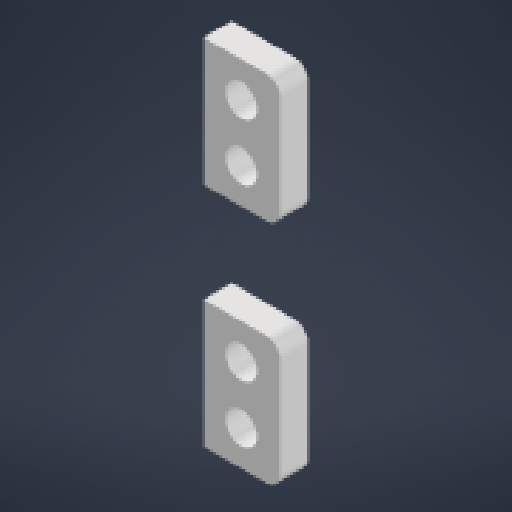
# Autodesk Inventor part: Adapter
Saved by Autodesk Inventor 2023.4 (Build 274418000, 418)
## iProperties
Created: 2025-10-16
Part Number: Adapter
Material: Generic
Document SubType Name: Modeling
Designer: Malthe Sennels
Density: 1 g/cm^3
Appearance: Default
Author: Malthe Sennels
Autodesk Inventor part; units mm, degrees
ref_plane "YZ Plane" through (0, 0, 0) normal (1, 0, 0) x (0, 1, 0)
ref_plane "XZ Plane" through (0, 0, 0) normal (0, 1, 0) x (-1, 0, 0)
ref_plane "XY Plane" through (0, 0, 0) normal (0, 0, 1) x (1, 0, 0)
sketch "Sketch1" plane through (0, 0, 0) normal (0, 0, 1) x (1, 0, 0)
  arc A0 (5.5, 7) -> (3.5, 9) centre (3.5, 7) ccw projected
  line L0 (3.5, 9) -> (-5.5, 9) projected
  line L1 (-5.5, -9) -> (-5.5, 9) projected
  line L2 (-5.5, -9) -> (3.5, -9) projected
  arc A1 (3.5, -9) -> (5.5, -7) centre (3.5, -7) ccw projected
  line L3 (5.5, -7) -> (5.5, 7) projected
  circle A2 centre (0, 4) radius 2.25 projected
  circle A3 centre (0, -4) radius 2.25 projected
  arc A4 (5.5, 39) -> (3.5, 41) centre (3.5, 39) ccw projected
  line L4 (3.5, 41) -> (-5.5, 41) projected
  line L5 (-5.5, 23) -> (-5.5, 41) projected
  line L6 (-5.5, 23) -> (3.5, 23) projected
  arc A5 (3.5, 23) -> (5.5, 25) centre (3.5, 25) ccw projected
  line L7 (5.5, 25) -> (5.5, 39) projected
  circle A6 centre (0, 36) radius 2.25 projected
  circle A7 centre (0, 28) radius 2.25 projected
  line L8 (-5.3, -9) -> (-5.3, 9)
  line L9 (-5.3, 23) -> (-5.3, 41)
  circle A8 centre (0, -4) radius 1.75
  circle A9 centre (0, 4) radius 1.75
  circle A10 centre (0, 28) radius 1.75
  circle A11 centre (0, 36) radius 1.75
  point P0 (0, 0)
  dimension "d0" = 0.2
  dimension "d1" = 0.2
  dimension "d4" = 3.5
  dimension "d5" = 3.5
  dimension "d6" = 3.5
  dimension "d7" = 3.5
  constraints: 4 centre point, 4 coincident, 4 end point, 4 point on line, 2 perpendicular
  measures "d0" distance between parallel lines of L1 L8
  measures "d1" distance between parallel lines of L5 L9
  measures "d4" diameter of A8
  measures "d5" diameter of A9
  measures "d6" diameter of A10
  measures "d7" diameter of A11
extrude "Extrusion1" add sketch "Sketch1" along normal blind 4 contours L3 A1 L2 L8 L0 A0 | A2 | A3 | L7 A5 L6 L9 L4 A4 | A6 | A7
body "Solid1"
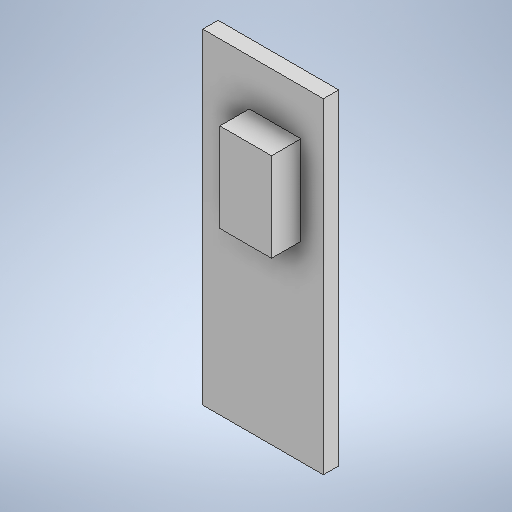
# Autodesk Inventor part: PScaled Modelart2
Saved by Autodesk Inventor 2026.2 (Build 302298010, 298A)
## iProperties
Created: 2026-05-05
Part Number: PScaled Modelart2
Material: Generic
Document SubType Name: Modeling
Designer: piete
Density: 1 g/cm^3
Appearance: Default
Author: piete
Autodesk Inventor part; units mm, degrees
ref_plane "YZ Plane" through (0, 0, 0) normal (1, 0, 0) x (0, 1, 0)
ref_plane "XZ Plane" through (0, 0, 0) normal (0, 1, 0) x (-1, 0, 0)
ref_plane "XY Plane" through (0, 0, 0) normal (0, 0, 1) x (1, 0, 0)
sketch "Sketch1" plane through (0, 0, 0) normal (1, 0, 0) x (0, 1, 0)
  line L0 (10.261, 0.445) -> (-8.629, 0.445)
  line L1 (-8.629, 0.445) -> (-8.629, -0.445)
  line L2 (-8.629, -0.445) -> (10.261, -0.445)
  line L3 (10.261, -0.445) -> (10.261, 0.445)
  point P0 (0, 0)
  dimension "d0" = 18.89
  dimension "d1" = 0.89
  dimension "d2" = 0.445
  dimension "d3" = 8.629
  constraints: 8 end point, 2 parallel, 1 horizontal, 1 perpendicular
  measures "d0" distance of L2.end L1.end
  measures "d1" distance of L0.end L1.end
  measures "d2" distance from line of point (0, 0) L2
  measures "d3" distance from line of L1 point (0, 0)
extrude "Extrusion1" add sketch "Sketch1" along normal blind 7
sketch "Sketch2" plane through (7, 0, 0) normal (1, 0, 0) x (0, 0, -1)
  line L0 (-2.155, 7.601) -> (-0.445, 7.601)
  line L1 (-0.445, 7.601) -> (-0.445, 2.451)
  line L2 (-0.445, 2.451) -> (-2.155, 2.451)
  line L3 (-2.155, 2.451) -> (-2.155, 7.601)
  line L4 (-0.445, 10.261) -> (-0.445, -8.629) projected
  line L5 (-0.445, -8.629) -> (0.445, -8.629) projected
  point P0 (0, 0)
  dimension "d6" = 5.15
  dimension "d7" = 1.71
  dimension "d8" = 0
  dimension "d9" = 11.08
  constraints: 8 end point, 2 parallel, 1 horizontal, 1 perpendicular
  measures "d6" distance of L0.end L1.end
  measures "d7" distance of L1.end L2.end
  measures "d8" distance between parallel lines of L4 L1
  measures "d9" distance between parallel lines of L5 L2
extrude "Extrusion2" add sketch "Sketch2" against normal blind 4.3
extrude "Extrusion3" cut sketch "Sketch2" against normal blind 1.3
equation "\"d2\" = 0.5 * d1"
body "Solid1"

########

_EXERCISE DESCRIPTION_
Give back the material exactly as written, from its first line to the line that contains "lines of L1 L8", and leave out the pictures.

_OUTPUT_
# Autodesk Inventor part: Adapter
Saved by Autodesk Inventor 2023.4 (Build 274418000, 418)
## iProperties
Created: 2025-10-16
Part Number: Adapter
Material: Generic
Document SubType Name: Modeling
Designer: Malthe Sennels
Density: 1 g/cm^3
Appearance: Default
Author: Malthe Sennels
Autodesk Inventor part; units mm, degrees
ref_plane "YZ Plane" through (0, 0, 0) normal (1, 0, 0) x (0, 1, 0)
ref_plane "XZ Plane" through (0, 0, 0) normal (0, 1, 0) x (-1, 0, 0)
ref_plane "XY Plane" through (0, 0, 0) normal (0, 0, 1) x (1, 0, 0)
sketch "Sketch1" plane through (0, 0, 0) normal (0, 0, 1) x (1, 0, 0)
  arc A0 (5.5, 7) -> (3.5, 9) centre (3.5, 7) ccw projected
  line L0 (3.5, 9) -> (-5.5, 9) projected
  line L1 (-5.5, -9) -> (-5.5, 9) projected
  line L2 (-5.5, -9) -> (3.5, -9) projected
  arc A1 (3.5, -9) -> (5.5, -7) centre (3.5, -7) ccw projected
  line L3 (5.5, -7) -> (5.5, 7) projected
  circle A2 centre (0, 4) radius 2.25 projected
  circle A3 centre (0, -4) radius 2.25 projected
  arc A4 (5.5, 39) -> (3.5, 41) centre (3.5, 39) ccw projected
  line L4 (3.5, 41) -> (-5.5, 41) projected
  line L5 (-5.5, 23) -> (-5.5, 41) projected
  line L6 (-5.5, 23) -> (3.5, 23) projected
  arc A5 (3.5, 23) -> (5.5, 25) centre (3.5, 25) ccw projected
  line L7 (5.5, 25) -> (5.5, 39) projected
  circle A6 centre (0, 36) radius 2.25 projected
  circle A7 centre (0, 28) radius 2.25 projected
  line L8 (-5.3, -9) -> (-5.3, 9)
  line L9 (-5.3, 23) -> (-5.3, 41)
  circle A8 centre (0, -4) radius 1.75
  circle A9 centre (0, 4) radius 1.75
  circle A10 centre (0, 28) radius 1.75
  circle A11 centre (0, 36) radius 1.75
  point P0 (0, 0)
  dimension "d0" = 0.2
  dimension "d1" = 0.2
  dimension "d4" = 3.5
  dimension "d5" = 3.5
  dimension "d6" = 3.5
  dimension "d7" = 3.5
  constraints: 4 centre point, 4 coincident, 4 end point, 4 point on line, 2 perpendicular
  measures "d0" distance between parallel lines of L1 L8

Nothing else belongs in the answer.